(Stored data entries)

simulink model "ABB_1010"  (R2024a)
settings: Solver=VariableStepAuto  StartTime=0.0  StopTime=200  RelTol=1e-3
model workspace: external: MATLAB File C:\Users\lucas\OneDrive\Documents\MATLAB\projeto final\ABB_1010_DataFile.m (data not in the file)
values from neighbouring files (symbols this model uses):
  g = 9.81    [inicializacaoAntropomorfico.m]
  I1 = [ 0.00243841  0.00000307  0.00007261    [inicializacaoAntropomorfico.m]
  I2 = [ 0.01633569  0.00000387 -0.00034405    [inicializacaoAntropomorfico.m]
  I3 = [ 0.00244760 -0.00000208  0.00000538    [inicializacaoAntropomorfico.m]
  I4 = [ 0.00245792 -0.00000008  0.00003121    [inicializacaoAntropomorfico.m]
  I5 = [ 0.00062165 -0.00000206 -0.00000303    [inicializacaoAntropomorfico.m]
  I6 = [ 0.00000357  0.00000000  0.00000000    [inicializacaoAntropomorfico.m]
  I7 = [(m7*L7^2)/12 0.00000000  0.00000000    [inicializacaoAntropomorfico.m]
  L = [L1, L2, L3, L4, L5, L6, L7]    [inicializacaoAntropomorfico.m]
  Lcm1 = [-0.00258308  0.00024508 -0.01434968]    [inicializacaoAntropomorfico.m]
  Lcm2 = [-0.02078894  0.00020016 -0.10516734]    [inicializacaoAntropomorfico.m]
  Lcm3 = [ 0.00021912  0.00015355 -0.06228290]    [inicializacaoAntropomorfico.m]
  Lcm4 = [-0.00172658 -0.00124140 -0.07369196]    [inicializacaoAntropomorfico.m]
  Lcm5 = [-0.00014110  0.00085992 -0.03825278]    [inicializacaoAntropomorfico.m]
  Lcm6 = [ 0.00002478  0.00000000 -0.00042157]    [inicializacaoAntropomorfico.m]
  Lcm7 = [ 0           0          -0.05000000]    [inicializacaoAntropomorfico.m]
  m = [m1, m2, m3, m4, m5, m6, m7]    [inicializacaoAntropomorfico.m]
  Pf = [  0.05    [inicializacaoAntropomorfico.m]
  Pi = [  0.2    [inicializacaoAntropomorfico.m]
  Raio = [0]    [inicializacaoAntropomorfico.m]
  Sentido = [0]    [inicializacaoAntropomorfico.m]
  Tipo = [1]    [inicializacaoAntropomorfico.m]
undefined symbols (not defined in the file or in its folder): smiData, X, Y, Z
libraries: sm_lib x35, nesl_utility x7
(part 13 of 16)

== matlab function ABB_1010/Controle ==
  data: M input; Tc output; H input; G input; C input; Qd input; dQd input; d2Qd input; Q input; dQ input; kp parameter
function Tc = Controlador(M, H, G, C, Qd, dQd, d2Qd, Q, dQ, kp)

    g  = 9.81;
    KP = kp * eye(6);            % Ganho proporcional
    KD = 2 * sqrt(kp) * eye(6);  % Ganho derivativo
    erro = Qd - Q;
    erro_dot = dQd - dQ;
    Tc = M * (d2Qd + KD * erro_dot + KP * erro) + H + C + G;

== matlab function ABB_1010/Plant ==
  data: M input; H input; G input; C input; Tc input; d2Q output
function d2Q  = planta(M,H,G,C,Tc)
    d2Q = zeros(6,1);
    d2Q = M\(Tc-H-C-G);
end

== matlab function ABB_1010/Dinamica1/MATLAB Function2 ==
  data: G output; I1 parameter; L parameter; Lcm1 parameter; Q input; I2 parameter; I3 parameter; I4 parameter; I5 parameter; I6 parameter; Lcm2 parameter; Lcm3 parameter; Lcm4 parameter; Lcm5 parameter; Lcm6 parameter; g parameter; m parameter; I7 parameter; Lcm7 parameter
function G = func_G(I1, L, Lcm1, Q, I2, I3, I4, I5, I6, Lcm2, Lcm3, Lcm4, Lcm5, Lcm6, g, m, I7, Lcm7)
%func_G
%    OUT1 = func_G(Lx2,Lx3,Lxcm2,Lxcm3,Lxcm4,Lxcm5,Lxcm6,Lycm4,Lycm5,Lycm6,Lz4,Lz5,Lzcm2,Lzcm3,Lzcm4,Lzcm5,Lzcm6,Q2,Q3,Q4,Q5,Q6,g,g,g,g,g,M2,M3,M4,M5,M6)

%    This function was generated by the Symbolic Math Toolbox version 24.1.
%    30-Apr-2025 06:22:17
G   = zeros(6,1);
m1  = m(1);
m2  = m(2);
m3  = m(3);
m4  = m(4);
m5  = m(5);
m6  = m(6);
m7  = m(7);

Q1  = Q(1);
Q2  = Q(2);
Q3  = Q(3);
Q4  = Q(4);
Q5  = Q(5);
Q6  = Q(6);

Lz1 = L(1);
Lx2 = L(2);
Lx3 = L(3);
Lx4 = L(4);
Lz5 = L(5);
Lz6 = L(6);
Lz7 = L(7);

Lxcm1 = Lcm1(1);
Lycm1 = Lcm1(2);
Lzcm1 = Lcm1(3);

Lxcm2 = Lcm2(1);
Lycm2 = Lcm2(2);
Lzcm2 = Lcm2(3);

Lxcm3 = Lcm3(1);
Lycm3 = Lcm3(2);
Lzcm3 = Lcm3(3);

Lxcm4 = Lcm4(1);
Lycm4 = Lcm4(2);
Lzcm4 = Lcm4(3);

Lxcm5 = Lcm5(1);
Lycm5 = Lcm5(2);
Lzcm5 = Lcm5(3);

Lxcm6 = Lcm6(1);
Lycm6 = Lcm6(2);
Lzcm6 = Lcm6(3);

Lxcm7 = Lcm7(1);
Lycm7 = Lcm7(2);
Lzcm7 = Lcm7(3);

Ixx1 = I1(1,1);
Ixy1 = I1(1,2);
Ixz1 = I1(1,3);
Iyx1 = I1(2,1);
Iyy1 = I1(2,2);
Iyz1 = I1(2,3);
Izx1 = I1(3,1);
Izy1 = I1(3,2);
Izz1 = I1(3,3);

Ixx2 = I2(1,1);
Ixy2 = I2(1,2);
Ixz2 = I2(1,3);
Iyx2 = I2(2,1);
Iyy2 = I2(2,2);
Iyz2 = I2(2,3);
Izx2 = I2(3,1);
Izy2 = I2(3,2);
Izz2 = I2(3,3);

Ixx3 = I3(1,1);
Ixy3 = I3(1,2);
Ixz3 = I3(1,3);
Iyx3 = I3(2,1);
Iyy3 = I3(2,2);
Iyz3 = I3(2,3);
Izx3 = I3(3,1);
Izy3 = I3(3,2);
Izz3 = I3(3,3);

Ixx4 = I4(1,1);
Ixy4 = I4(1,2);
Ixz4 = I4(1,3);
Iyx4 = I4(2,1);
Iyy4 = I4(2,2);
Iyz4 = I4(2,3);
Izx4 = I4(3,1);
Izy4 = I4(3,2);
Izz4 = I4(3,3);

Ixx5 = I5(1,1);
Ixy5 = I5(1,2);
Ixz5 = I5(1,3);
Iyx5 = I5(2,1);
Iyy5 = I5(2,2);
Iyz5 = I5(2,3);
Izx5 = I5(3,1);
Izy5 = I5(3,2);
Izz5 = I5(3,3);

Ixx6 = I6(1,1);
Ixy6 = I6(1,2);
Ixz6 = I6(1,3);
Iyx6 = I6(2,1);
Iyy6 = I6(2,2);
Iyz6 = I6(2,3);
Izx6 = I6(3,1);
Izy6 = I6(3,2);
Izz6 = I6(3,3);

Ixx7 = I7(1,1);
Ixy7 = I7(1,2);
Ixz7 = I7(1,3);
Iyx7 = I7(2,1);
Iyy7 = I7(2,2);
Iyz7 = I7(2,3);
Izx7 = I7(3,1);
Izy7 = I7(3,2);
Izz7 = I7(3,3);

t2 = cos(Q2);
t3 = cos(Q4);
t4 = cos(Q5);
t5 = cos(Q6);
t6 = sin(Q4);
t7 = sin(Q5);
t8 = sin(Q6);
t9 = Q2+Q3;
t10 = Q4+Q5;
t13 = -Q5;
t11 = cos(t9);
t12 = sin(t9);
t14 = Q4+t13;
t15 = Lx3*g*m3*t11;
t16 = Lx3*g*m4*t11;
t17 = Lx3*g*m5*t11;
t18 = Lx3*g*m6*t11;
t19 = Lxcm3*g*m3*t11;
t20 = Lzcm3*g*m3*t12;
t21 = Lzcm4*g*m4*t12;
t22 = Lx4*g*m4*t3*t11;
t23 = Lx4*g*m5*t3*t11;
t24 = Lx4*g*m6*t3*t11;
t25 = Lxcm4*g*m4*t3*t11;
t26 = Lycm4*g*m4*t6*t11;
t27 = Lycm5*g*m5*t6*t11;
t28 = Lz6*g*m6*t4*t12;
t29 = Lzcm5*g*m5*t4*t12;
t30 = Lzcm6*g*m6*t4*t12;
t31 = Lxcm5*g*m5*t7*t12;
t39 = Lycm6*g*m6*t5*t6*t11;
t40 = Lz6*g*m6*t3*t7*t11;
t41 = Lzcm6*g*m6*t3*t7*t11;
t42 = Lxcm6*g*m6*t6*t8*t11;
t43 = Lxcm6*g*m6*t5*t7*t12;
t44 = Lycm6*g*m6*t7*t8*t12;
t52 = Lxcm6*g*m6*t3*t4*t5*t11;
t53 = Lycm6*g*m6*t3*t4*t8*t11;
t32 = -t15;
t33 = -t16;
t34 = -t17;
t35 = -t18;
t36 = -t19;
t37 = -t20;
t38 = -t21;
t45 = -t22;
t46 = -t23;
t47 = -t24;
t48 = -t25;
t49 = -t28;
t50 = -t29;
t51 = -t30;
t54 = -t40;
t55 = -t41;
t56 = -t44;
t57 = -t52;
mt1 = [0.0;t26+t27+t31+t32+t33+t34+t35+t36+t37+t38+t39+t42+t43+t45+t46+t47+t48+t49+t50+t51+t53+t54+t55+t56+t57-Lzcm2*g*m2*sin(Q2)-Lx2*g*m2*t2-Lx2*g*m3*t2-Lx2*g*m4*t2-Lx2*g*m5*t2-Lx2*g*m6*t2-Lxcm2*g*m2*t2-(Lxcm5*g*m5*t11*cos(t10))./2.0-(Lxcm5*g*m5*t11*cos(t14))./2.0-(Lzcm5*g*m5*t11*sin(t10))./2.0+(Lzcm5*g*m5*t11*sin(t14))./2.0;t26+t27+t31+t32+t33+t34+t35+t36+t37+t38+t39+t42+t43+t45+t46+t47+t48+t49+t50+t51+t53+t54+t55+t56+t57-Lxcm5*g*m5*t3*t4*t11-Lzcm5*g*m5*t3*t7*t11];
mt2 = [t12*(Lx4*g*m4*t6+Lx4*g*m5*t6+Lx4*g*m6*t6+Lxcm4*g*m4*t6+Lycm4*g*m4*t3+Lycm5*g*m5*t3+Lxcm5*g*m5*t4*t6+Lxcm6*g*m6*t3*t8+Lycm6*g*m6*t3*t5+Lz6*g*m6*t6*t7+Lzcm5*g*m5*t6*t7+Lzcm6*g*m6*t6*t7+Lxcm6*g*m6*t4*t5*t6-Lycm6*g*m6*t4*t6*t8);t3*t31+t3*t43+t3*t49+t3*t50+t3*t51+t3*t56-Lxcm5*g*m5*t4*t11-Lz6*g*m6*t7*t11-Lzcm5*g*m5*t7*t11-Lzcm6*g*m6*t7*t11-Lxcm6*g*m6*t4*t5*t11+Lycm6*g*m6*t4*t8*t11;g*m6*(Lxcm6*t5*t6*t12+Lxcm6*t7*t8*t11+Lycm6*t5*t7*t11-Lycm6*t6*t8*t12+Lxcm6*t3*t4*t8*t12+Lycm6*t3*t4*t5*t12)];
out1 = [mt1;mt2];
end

■ **WHAT THE EXERCISE ASKS**: Write out the records exactly, starting at the first line and stopping after the line that contains "L = [L1, L2, L3, L4, L5, L6, L7]".

■ **RESULT OF THIS TASK**:
simulink model "ABB_1010"  (R2024a)
settings: Solver=VariableStepAuto  StartTime=0.0  StopTime=200  RelTol=1e-3
model workspace: external: MATLAB File C:\Users\lucas\OneDrive\Documents\MATLAB\projeto final\ABB_1010_DataFile.m (data not in the file)
values from neighbouring files (symbols this model uses):
  g = 9.81    [inicializacaoAntropomorfico.m]
  I1 = [ 0.00243841  0.00000307  0.00007261    [inicializacaoAntropomorfico.m]
  I2 = [ 0.01633569  0.00000387 -0.00034405    [inicializacaoAntropomorfico.m]
  I3 = [ 0.00244760 -0.00000208  0.00000538    [inicializacaoAntropomorfico.m]
  I4 = [ 0.00245792 -0.00000008  0.00003121    [inicializacaoAntropomorfico.m]
  I5 = [ 0.00062165 -0.00000206 -0.00000303    [inicializacaoAntropomorfico.m]
  I6 = [ 0.00000357  0.00000000  0.00000000    [inicializacaoAntropomorfico.m]
  I7 = [(m7*L7^2)/12 0.00000000  0.00000000    [inicializacaoAntropomorfico.m]
  L = [L1, L2, L3, L4, L5, L6, L7]    [inicializacaoAntropomorfico.m]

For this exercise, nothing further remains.